BDTX-1535, a fourth-generation EGFR tyrosine kinase inhibitor (TKI), is showing early signals of robust clinical activity and durability in patients with relapsed/refractory, EGFR-mutant non-small cell lung cancer (NSCLC), including those harboring classical, non-classical, or C797S resistance mutations. These initial findings come from a phase 2 trial (NCT05256290).
Promising Phase 2 Results
As of the data cutoff on August 17, 2024, 27 patients were evaluable for preliminary overall response rate (ORR) and durability, with 22 meeting protocol criteria.

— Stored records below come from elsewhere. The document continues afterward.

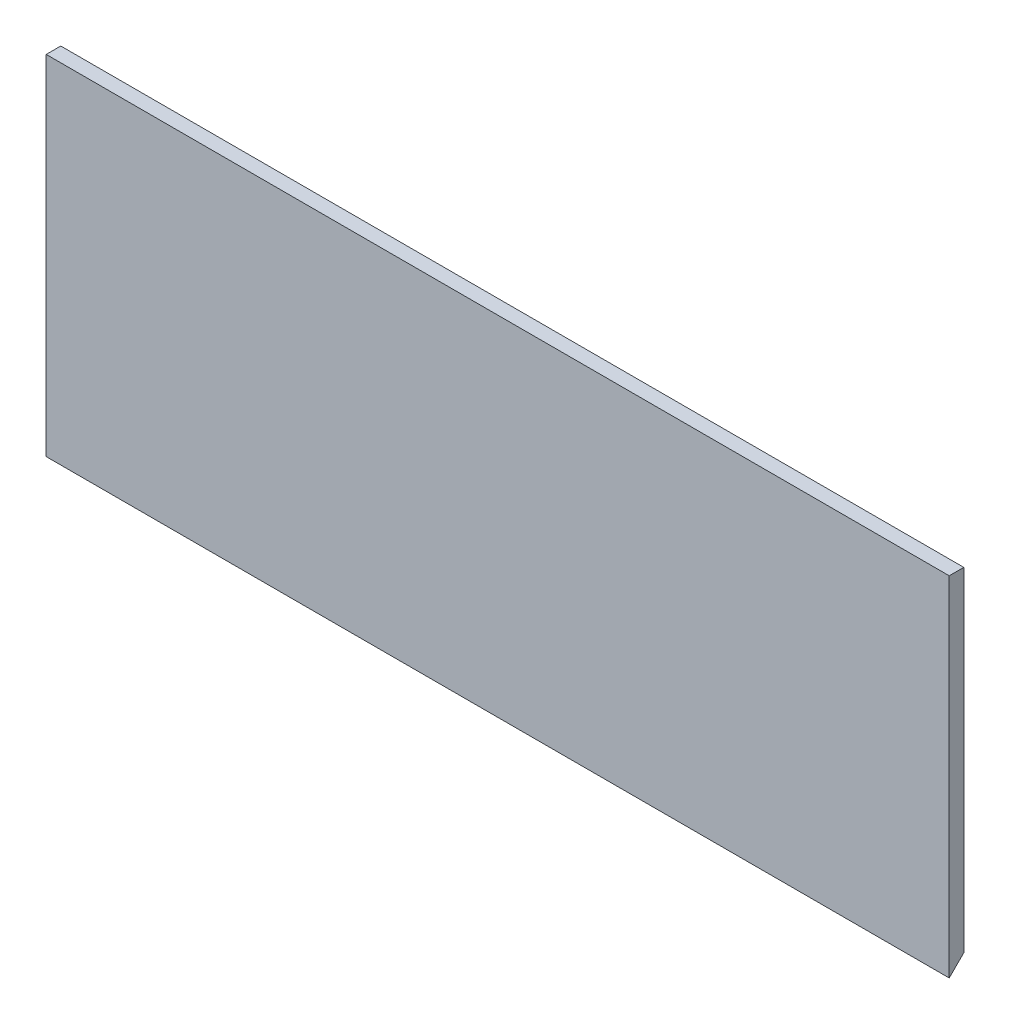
from build123d import *

# Parameters (mm, degrees)
SKETCH1_W      = 1181.1
SKETCH1_H      = 455.6125
EXTRUDE1_DEPTH = 9.525
EXTRUDE2_DEPTH = 1203.90632352


with BuildPart() as part:
    # Sketch1 → Extrude1 (new, symmetric)
    with BuildSketch(Plane.XY):
        Rectangle(SKETCH1_W, SKETCH1_H)
    extrude(amount=EXTRUDE1_DEPTH, both=True)

    # Sketch2 → Extrude2 (cut, through all)
    with BuildSketch(Plane(origin=(590.55, 0, 0), x_dir=(0, 0, -1), z_dir=(1, 0, 0))):
        Polygon((9.525, -208.75625), (-9.525, -227.80625), (9.525, -227.80625), align=None)
    extrude(amount=-EXTRUDE2_DEPTH, mode=Mode.SUBTRACT)


solid = part.part
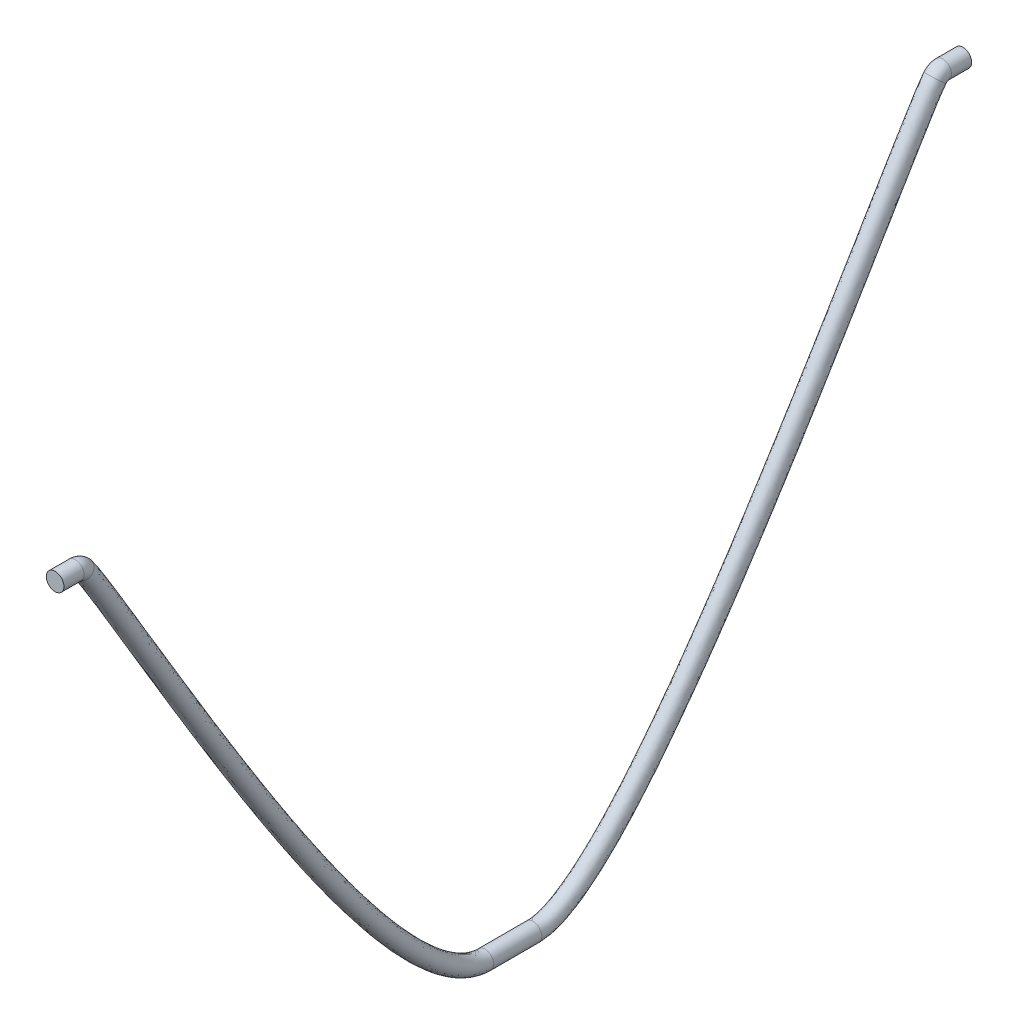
ISO-10303-21;
HEADER;
FILE_DESCRIPTION(('STEP AP214'),'2;1');
FILE_NAME('part.step','',(''),(''),'','','');
FILE_SCHEMA(('AUTOMOTIVE_DESIGN { 1 0 10303 214 1 1 1 1 }'));
ENDSEC;
DATA;
#1=APPLICATION_CONTEXT('core data for automotive mechanical design processes');
#2=APPLICATION_PROTOCOL_DEFINITION('international standard','automotive_design',2000,#1);
#3=PRODUCT_CONTEXT('',#1,'mechanical');
#4=PRODUCT('Part','Part','',(#3));
#5=PRODUCT_RELATED_PRODUCT_CATEGORY('part','',(#4));
#6=PRODUCT_DEFINITION_FORMATION('','',#4);
#7=PRODUCT_DEFINITION_CONTEXT('part definition',#1,'design');
#8=PRODUCT_DEFINITION('design','',#6,#7);
#9=PRODUCT_DEFINITION_SHAPE('','',#8);
#10=(LENGTH_UNIT() NAMED_UNIT(*) SI_UNIT(.MILLI.,.METRE.));
#11=(NAMED_UNIT(*) PLANE_ANGLE_UNIT() SI_UNIT($,.RADIAN.));
#12=(NAMED_UNIT(*) SI_UNIT($,.STERADIAN.) SOLID_ANGLE_UNIT());
#13=UNCERTAINTY_MEASURE_WITH_UNIT(LENGTH_MEASURE(1.E-05),#10,'distance_accuracy_value','');
#14=(GEOMETRIC_REPRESENTATION_CONTEXT(3) GLOBAL_UNCERTAINTY_ASSIGNED_CONTEXT((#13)) GLOBAL_UNIT_ASSIGNED_CONTEXT((#10,
#11,#12)) REPRESENTATION_CONTEXT('',''));
#15=CARTESIAN_POINT('',(0.,0.,0.));
#16=DIRECTION('',(0.,0.,1.));
#17=DIRECTION('',(1.,0.,0.));
#18=AXIS2_PLACEMENT_3D('',#15,#16,#17);
#19=CARTESIAN_POINT('',(0.,174.954263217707,87.9676704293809));
#20=DIRECTION('',(0.,0.,1.));
#21=DIRECTION('',(0.,-1.,0.));
#22=AXIS2_PLACEMENT_3D('',#19,#20,#21);
#23=PLANE('',#22);
#24=CARTESIAN_POINT('',(0.,174.954263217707,87.9676704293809));
#25=DIRECTION('',(0.,0.,1.));
#26=DIRECTION('',(0.,-1.,0.));
#27=AXIS2_PLACEMENT_3D('',#24,#25,#26);
#28=CIRCLE('',#27,0.875);
#29=CARTESIAN_POINT('',(0.,174.079263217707,87.9676704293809));
#30=VERTEX_POINT('',#29);
#31=EDGE_CURVE('E48',#30,#30,#28,.T.);
#32=ORIENTED_EDGE('',*,*,#31,.F.);
#33=EDGE_LOOP('',(#32));
#34=FACE_BOUND('',#33,.T.);
#35=ADVANCED_FACE('F36',(#34),#23,.F.);
#36=CARTESIAN_POINT('',(0.,174.954263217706,177.967670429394));
#37=DIRECTION('',(0.,0.,1.));
#38=DIRECTION('',(0.,-1.,0.));
#39=AXIS2_PLACEMENT_3D('',#36,#37,#38);
#40=PLANE('',#39);
#41=CARTESIAN_POINT('',(0.,174.954263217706,177.967670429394));
#42=DIRECTION('',(0.,0.,1.));
#43=DIRECTION('',(0.,-1.,0.));
#44=AXIS2_PLACEMENT_3D('',#41,#42,#43);
#45=CIRCLE('',#44,0.875);
#46=CARTESIAN_POINT('',(0.,174.079263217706,177.967670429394));
#47=VERTEX_POINT('',#46);
#48=EDGE_CURVE('E11',#47,#47,#45,.T.);
#49=ORIENTED_EDGE('',*,*,#48,.T.);
#50=EDGE_LOOP('',(#49));
#51=FACE_BOUND('',#50,.T.);
#52=ADVANCED_FACE('F51',(#51),#40,.T.);
#53=CARTESIAN_POINT('',(0.,174.954263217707,87.9676704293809));
#54=DIRECTION('',(0.,0.,1.));
#55=DIRECTION('',(1.,0.,0.));
#56=AXIS2_PLACEMENT_3D('',#53,#54,#55);
#57=CYLINDRICAL_SURFACE('',#56,0.875);
#58=CARTESIAN_POINT('',(0.,174.954263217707,89.9695399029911));
#59=DIRECTION('',(0.,0.,1.));
#60=DIRECTION('',(0.,-1.,0.));
#61=AXIS2_PLACEMENT_3D('',#58,#59,#60);
#62=CIRCLE('',#61,0.875);
#63=CARTESIAN_POINT('',(0.,175.829263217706,89.9695399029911));
#64=VERTEX_POINT('',#63);
#65=EDGE_CURVE('E74',#64,#64,#62,.T.);
#66=ORIENTED_EDGE('',*,*,#65,.F.);
#67=EDGE_LOOP('',(#66));
#68=FACE_BOUND('',#67,.T.);
#69=ORIENTED_EDGE('',*,*,#31,.T.);
#70=EDGE_LOOP('',(#69));
#71=FACE_BOUND('',#70,.T.);
#72=ADVANCED_FACE('F78',(#68,#71),#57,.T.);
#73=CARTESIAN_POINT('',(0.,173.954263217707,89.9695399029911));
#74=DIRECTION('',(1.,0.,0.));
#75=DIRECTION('',(0.,0.,-1.));
#76=AXIS2_PLACEMENT_3D('',#73,#74,#75);
#77=TOROIDAL_SURFACE('',#76,0.99999999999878,0.875);
#78=CARTESIAN_POINT('',(0.,174.60409439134,90.7296184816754));
#79=DIRECTION('',(0.,-0.760078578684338,0.649831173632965));
#80=DIRECTION('',(0.,-0.649831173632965,-0.760078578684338));
#81=AXIS2_PLACEMENT_3D('',#78,#79,#80);
#82=CIRCLE('',#81,0.875);
#83=CARTESIAN_POINT('',(0.,175.172696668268,91.3946872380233));
#84=VERTEX_POINT('',#83);
#85=EDGE_CURVE('E71',#84,#84,#82,.T.);
#86=CARTESIAN_POINT('',(0.,173.954263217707,89.9695399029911));
#87=DIRECTION('',(1.,0.,0.));
#88=DIRECTION('',(0.,0.,-1.));
#89=AXIS2_PLACEMENT_3D('',#86,#87,#88);
#90=CIRCLE('',#89,1.87499999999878);
#91=EDGE_CURVE('',#64,#84,#90,.T.);
#92=ORIENTED_EDGE('',*,*,#65,.T.);
#93=ORIENTED_EDGE('',*,*,#85,.F.);
#94=ORIENTED_EDGE('',*,*,#91,.T.);
#95=ORIENTED_EDGE('',*,*,#91,.F.);
#96=EDGE_LOOP('',(#92,#94,#93,#95));
#97=FACE_BOUND('',#96,.T.);
#98=ADVANCED_FACE('F80',(#97),#77,.T.);
#99=CARTESIAN_POINT('',(0.,174.035492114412,90.0645497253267));
#100=CARTESIAN_POINT('',(0.,173.984936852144,90.107772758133));
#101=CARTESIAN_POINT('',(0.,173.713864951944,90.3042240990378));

Among these 22 patients, the preliminary ORR was 36%. Notably, 19 of these patients had disease expressing known osimertinib (Tagrisso) resistance mutations, specifically EGFR C797S or PACC. In this subgroup of 19 patients, the ORR was 42%, with 5 patients achieving a confirmed partial response (PR), including one who converted from a PR to an unconfirmed complete response at 8 months. Furthermore, 9 patients experienced stable disease.
Optimal Dose Selected
A daily dose of 200 mg of BDTX-1535 has been chosen for pivotal clinical development based on pharmacokinetics, safety, and tolerability data from 20 patients each who received the agent at 100 mg or 200 mg.
Expert Commentary
"Patients with recurrent EGFR-mutant NSCLC have few treatment options, with chemotherapy delivering limited benefit and significant toxicity, and initial phase 2 data with BDTX-1535 look quite promising," said Danny Nguyen, MD, Assistant Clinical Professor in the Department of Medical Oncology and Therapeutics Research at City of Hope. "There is a significant unmet medical need for an effective and well-tolerated oral therapy for patients who progress on osimertinib, as well as newly diagnosed patients with non-classical mutations."
Trial Design and Patient Population
The phase 2 trial began enrollment in August 2023, enrolling relapsed/refractory NSCLC patients with non-classical EGFR mutations (cohort 1) and those with C797S resistance mutations (cohort 2). The safety assessment and dose selection were based on data from the first 40 patients randomized to receive once-daily BDTX-1535 at either 100 mg or 200 mg across both cohorts. Eligible patients were at least 18 years old with measurable disease per RECIST 1.1 criteria, adequate organ and bone marrow function, a life expectancy of at least 3 months, and confirmed NSCLC without small cell lung cancer transformation. Patients with brain metastases were allowed, provided they had disease progression following standard-of-care therapies.
Endpoints and Durability
The primary endpoint of the phase 2 trial is ORR. Key secondary endpoints include treatment-emergent adverse effects (AEs), plasma concentration, preliminary antitumor activity, duration of response (DOR), progression-free survival, central nervous system ORR, and identification of the optimal dose of BDTX-1535. At a mean follow-up of 4.7 months, the median DOR was approximately 8 months or more for the first 3 patients to achieve a PR. 14 of the 19 patients with known osimertinib resistance mutations remained on treatment as of the data cutoff.
Tolerability and Safety Profile
BDTX-1535 at 200 mg was found to be tolerable. Most AEs were mild or moderate, with no new safety signals observed. The most common on-target treatment-related AEs were rash (70%) and diarrhea (35%). Two cases of grade 3 rash were reported, but no cases of grade 4 rash or grade 3/4 diarrhea occurred.
Future Directions
"We are pleased to see significant phase 2 clinical activity and tolerability that are consistent with our phase 1 results," said Mark Velleca, MD, PhD, Chief Executive Officer of Black Diamond Therapeutics. "We believe that the activity observed in the recurrent setting can translate to robust clinical benefit in the first-line setting, and we look forward to sharing data from our trial in newly diagnosed patients in Q1 2025."
The phase 2 trial is ongoing, enrolling patients in second- and third-line cohorts, as well as a first-line cohort of patients with non-classical EGFR mutations. Black Diamond Therapeutics anticipates reporting initial results from the frontline cohort and outlining potential registrational paths for BDTX-1535 in recurrent NSCLC in Q1 2025, based on FDA feedback.